Doch wie Hiltl auf Anfrage bestätigt, macht er mit seinen drei jüngsten Party-Projekten eine Pause. So finden diesen Sommer keine Dachterrassen-Partys statt, und der Sihlpostclub geht ab April in eine lange Sommerpause. Ob der Club im Herbst wieder aufgeht, ist unklar.

Umbau-Aufwand zu gross

Auch das Konzept im Club Perle an der Langstrasse ändert sich. Gewisse Labels werden durch bisherige Veranstalter eigenständig weitergeführt, und der Club wird als Event-Location vermietet.

Wie der Gastronom erklärt, liegen die Gründe für den Rückzug nicht im mangelnden Erfolg: «Der Sihlpostclub lief samstags sehr gut, und auch die Dachterrassen-Partys waren äusserst beliebt.» Der Aufwand, das Restaurant jedes Mal in einen Club zu verwandeln, sei aber riesig. Es sei aber gut möglich, dass man übernächsten Sommer wieder Dachterrassen-Partys durchführen werde.

St. Annagasse bleibt

Hiltl möchte sich nun wieder intensiver auf seinen Club an der St. Annagasse konzentrieren: «Im Hiltl Club werden wir wie bis jetzt unsere erfolgreichen Partys veranstalten.»

Zudem wird er weiterhin mit dem Hive das Partylabel Rakete in der Badi Mythenquai durchführen: «Wir fokussieren uns dieses Jahr voll und ganz auf diese Locations und unsere vegetarischen und veganen Gastronomieangebote.»

Vorwürfe an Hiltl

In der Nachtlebenszene kommt Hiltls Entscheidung nicht gut an. Der Vorwurf eines Insiders: Der Gastronom sehe das Nachtleben nur als Goldesel und nicht als kulturellen Mehrwert. Er habe seine Restaurants zu Clubs umfunktioniert, solange er profitieren konnte, Veranstalter hätten geholfen, die Locations aufzubauen –und nun laufe es ein bisschen schlechter, und Hiltl beende gleich alle Projekte.
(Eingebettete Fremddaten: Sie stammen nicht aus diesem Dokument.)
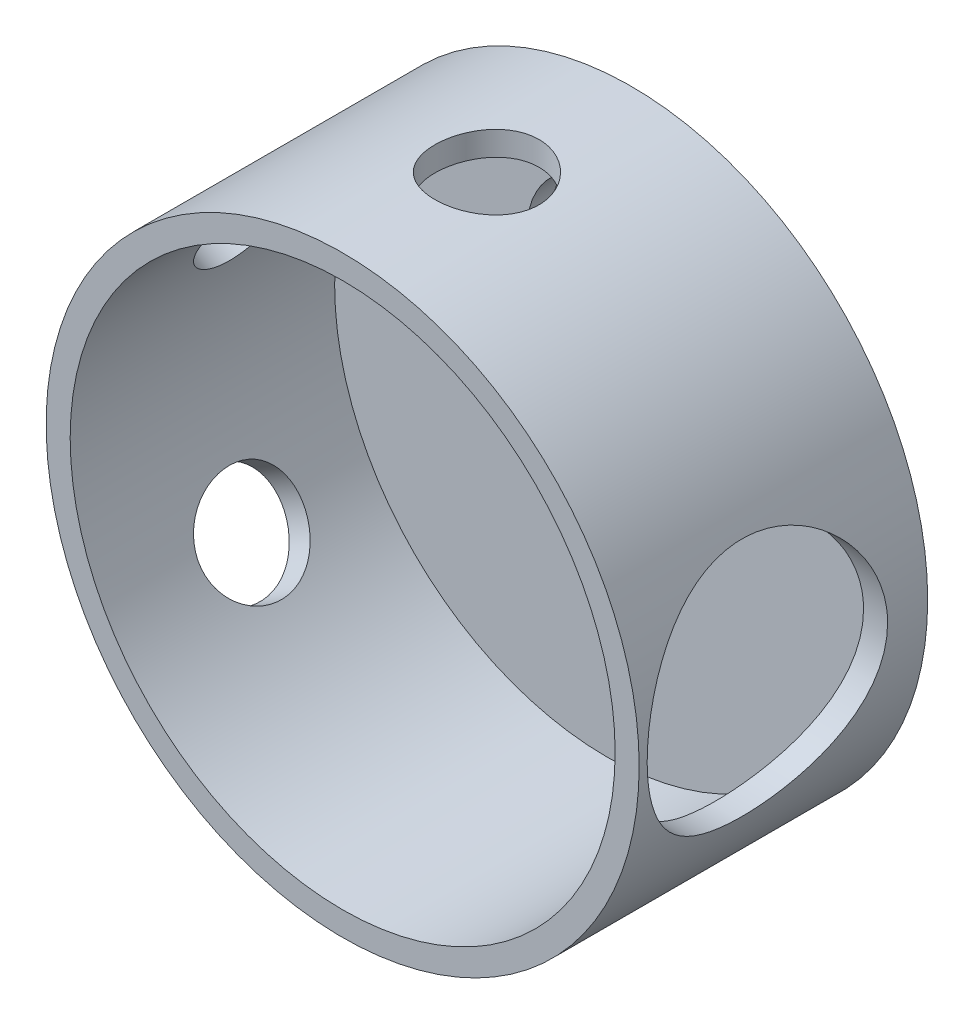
ISO-10303-21;
HEADER;
FILE_DESCRIPTION(('STEP AP214'),'2;1');
FILE_NAME('part.step','',(''),(''),'','','');
FILE_SCHEMA(('AUTOMOTIVE_DESIGN { 1 0 10303 214 1 1 1 1 }'));
ENDSEC;
DATA;
#1=APPLICATION_CONTEXT('core data for automotive mechanical design processes');
#2=APPLICATION_PROTOCOL_DEFINITION('international standard','automotive_design',2000,#1);
#3=PRODUCT_CONTEXT('',#1,'mechanical');
#4=PRODUCT('Part','Part','',(#3));
#5=PRODUCT_RELATED_PRODUCT_CATEGORY('part','',(#4));
#6=PRODUCT_DEFINITION_FORMATION('','',#4);
#7=PRODUCT_DEFINITION_CONTEXT('part definition',#1,'design');
#8=PRODUCT_DEFINITION('design','',#6,#7);
#9=PRODUCT_DEFINITION_SHAPE('','',#8);
#10=(LENGTH_UNIT() NAMED_UNIT(*) SI_UNIT(.MILLI.,.METRE.));
#11=(NAMED_UNIT(*) PLANE_ANGLE_UNIT() SI_UNIT($,.RADIAN.));
#12=(NAMED_UNIT(*) SI_UNIT($,.STERADIAN.) SOLID_ANGLE_UNIT());
#13=UNCERTAINTY_MEASURE_WITH_UNIT(LENGTH_MEASURE(1.E-05),#10,'distance_accuracy_value','');
#14=(GEOMETRIC_REPRESENTATION_CONTEXT(3) GLOBAL_UNCERTAINTY_ASSIGNED_CONTEXT((#13)) GLOBAL_UNIT_ASSIGNED_CONTEXT((#10,
#11,#12)) REPRESENTATION_CONTEXT('',''));
#15=CARTESIAN_POINT('',(0.,0.,0.));
#16=DIRECTION('',(0.,0.,1.));
#17=DIRECTION('',(1.,0.,0.));
#18=AXIS2_PLACEMENT_3D('',#15,#16,#17);
#19=CARTESIAN_POINT('',(0.,0.,3.));
#20=DIRECTION('',(0.,0.,-1.));
#21=DIRECTION('',(-1.,0.,0.));
#22=AXIS2_PLACEMENT_3D('',#19,#20,#21);
#23=CYLINDRICAL_SURFACE('',#22,37.);
#24=CARTESIAN_POINT('',(-34.7946112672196,-12.5831246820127,18.));
#25=CARTESIAN_POINT('',(-34.7946115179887,-12.5831213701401,17.8189019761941));
#26=CARTESIAN_POINT('',(-34.7919978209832,-12.5903576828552,17.6378435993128));
#27=CARTESIAN_POINT('',(-34.7815379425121,-12.6192262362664,17.2769749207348));
#28=CARTESIAN_POINT('',(-34.7736907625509,-12.6408612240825,17.0971648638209));
#29=CARTESIAN_POINT('',(-34.7527426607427,-12.6983387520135,16.7400349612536));
#30=CARTESIAN_POINT('',(-34.7396385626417,-12.7341898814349,16.5627166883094));
#31=CARTESIAN_POINT('',(-34.7081496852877,-12.8197669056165,16.2118694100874));
#32=CARTESIAN_POINT('',(-34.6897629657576,-12.8694978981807,16.038341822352));
#33=CARTESIAN_POINT('',(-34.6477108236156,-12.9822859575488,15.6965781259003));
#34=CARTESIAN_POINT('',(-34.6240520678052,-13.0453261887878,15.5283356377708));
#35=CARTESIAN_POINT('',(-34.5714048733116,-13.1842132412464,15.1980130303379));
#36=CARTESIAN_POINT('',(-34.5424144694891,-13.2600647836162,15.0359352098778));
#37=CARTESIAN_POINT('',(-34.4790995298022,-13.4238368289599,14.7191874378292));
#38=CARTESIAN_POINT('',(-34.4447775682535,-13.5117515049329,14.564513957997));
#39=CARTESIAN_POINT('',(-34.3707584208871,-13.6989450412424,14.2634757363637));
#40=CARTESIAN_POINT('',(-34.3310592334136,-13.798228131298,14.1171141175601));
#41=CARTESIAN_POINT('',(-34.2458925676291,-14.0082761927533,13.832402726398));
#42=CARTESIAN_POINT('',(-34.2003742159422,-14.1191406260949,13.6941415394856));
#43=CARTESIAN_POINT('',(-34.1038701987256,-14.350671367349,13.4280381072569));
#44=CARTESIAN_POINT('',(-34.0528825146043,-14.4713412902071,13.3001997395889));
#45=CARTESIAN_POINT('',(-33.9455222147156,-14.7214138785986,13.0559116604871));
#46=CARTESIAN_POINT('',(-33.8891512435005,-14.8508138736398,12.9394584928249));
#47=CARTESIAN_POINT('',(-33.7710835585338,-15.1173797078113,12.7186635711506));
#48=CARTESIAN_POINT('',(-33.7093848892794,-15.2545483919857,12.6143262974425));
#49=CARTESIAN_POINT('',(-33.580417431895,-15.5364000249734,12.4179319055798));
#50=CARTESIAN_POINT('',(-33.5131159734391,-15.6811249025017,12.3259563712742));
#51=CARTESIAN_POINT('',(-33.3734695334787,-15.9761756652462,12.1557077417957));
#52=CARTESIAN_POINT('',(-33.3011226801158,-16.1265036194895,12.0774397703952));
#53=CARTESIAN_POINT('',(-33.1517056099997,-16.4314694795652,11.9352647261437));
#54=CARTESIAN_POINT('',(-33.0746374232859,-16.5861055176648,11.8713515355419));
#55=CARTESIAN_POINT('',(-32.916124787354,-16.8985074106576,11.7583152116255));
#56=CARTESIAN_POINT('',(-32.8346787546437,-17.056274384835,11.7091974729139));
#57=CARTESIAN_POINT('',(-32.5860873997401,-17.5291745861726,11.585583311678));
#58=CARTESIAN_POINT('',(-32.4129831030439,-17.8474067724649,11.5332018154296));
#59=CARTESIAN_POINT('',(-32.1452082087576,-18.3226382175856,11.5006552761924));
#60=CARTESIAN_POINT('',(-32.05455770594,-18.480760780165,11.497485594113));
#61=CARTESIAN_POINT('',(-31.871115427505,-18.7953483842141,11.5064343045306));
#62=CARTESIAN_POINT('',(-31.7783236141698,-18.9518133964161,11.5185529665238));
#63=CARTESIAN_POINT('',(-31.4998890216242,-19.4135168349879,11.577367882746));
#64=CARTESIAN_POINT('',(-31.3120309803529,-19.7148848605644,11.6462699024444));
#65=CARTESIAN_POINT('',(-30.9369044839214,-20.2984883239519,11.8416439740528));
#66=CARTESIAN_POINT('',(-30.7496360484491,-20.5807231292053,11.9681179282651));
#67=CARTESIAN_POINT('',(-30.3812698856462,-21.120743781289,12.2757028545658));
#68=CARTESIAN_POINT('',(-30.2002079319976,-21.3783995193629,12.457085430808));
#69=CARTESIAN_POINT('',(-29.8521366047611,-21.8618122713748,12.869137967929));
#70=CARTESIAN_POINT('',(-29.6851284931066,-22.0875664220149,13.0998123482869));
#71=CARTESIAN_POINT('',(-29.3697584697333,-22.5052619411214,13.6075932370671));
#72=CARTESIAN_POINT('',(-29.2216780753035,-22.6967068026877,13.8852834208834));
#73=CARTESIAN_POINT('',(-28.9533417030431,-23.0380400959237,14.4772559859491));
#74=CARTESIAN_POINT('',(-28.833086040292,-23.1879280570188,14.7915387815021));
#75=CARTESIAN_POINT('',(-28.6258873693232,-23.4432457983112,15.4484767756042));
#76=CARTESIAN_POINT('',(-28.5389894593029,-23.5486154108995,15.7911696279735));
#77=CARTESIAN_POINT('',(-28.4030854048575,-23.7123633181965,16.4948054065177));
#78=CARTESIAN_POINT('',(-28.3540755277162,-23.7707462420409,16.8557465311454));
#79=CARTESIAN_POINT('',(-28.2968757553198,-23.8388086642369,17.5805092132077));
#80=CARTESIAN_POINT('',(-28.2881534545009,-23.8491234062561,17.9442291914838));
#81=CARTESIAN_POINT('',(-28.3105305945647,-23.8225554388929,18.6686946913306));
#82=CARTESIAN_POINT('',(-28.3416283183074,-23.7856747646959,19.0294403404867));
#83=CARTESIAN_POINT('',(-28.441678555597,-23.665943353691,19.7350859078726));
#84=CARTESIAN_POINT('',(-28.5103599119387,-23.5834218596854,20.0800803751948));
#85=CARTESIAN_POINT('',(-28.6820252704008,-23.3743365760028,20.7474430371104));
#86=CARTESIAN_POINT('',(-28.7850115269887,-23.2477698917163,21.0698097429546));
#87=CARTESIAN_POINT('',(-29.0217094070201,-22.9516133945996,21.6863826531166));
#88=CARTESIAN_POINT('',(-29.1557237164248,-22.7815979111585,21.9802680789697));
#89=CARTESIAN_POINT('',(-29.4479390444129,-22.4025886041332,22.5282134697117));
#90=CARTESIAN_POINT('',(-29.6061419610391,-22.1935917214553,22.7822703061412));
#91=CARTESIAN_POINT('',(-29.9420460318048,-21.7383251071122,23.2463392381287));
#92=CARTESIAN_POINT('',(-30.1199525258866,-21.4916502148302,23.4558048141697));
#93=CARTESIAN_POINT('',(-30.4866909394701,-20.9681515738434,23.8209715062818));
#94=CARTESIAN_POINT('',(-30.6755224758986,-20.6913288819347,23.9766745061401));
#95=CARTESIAN_POINT('',(-30.9608705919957,-20.2596731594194,24.1659996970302));
#96=CARTESIAN_POINT('',(-31.0561581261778,-20.1133374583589,24.2216740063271));
#97=CARTESIAN_POINT('',(-31.2467842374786,-19.8158920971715,24.3181450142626));
#98=CARTESIAN_POINT('',(-31.3421227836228,-19.6647841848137,24.3589470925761));
#99=CARTESIAN_POINT('',(-31.5320429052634,-19.3587893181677,24.4253523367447));
#100=CARTESIAN_POINT('',(-31.6266243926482,-19.2039019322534,24.4509537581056));
#101=CARTESIAN_POINT('',(-31.8142517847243,-18.8914420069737,24.4867551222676));
#102=CARTESIAN_POINT('',(-31.9072977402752,-18.7338695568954,24.4969555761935));
#103=CARTESIAN_POINT('',(-32.0899003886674,-18.4193084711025,24.5018396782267));
#104=CARTESIAN_POINT('',(-32.1794871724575,-18.262340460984,24.4967300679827));
#105=CARTESIAN_POINT('',(-32.3558426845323,-17.9480337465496,24.4714817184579));
#106=CARTESIAN_POINT('',(-32.4426114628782,-17.7906950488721,24.4513432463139));
#107=CARTESIAN_POINT('',(-32.6127914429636,-17.4767765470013,24.3961888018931));
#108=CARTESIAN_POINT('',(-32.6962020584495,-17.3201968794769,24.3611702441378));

Alexander Bücheli, Mediensprecher der Zürcher Bar- und Clubkommission, sieht das etwas anders: «Das ist ein firmeninterner Geschäftsentscheid, den ich nicht kommentieren möchte.» Dass das Nachtleben nicht einfach ist, sei aber kein Geheimnis: «Vor 20 Jahren war es einfacher, einen Club zu führen.»

Kosten viel höher als früher

Heute seien die Kosten viel höher und die Partygäste anspruchsvoller: «Die Leute wollen guten Service, Topmusik und bekannte DJs. Die Künstler verlangen aber höhere Gagen für ihre Auftritte, weil sie keine Musik mehr verkaufen.»

Zudem würden die Gäste weniger konsumieren: «Oft trinken sie schon, bevor sie in den Club kommen.» Der Kostendruck führe dazu, dass man sich keine schlechten Abende mehr leisten könne: «Sie zahlen hohe Monatsmieten, haben aber nur an zwei Tagen die Woche offen.»

(Übernommen von «20 Minuten», bearbeitet von Tagesanzeiger.ch/Newsnet)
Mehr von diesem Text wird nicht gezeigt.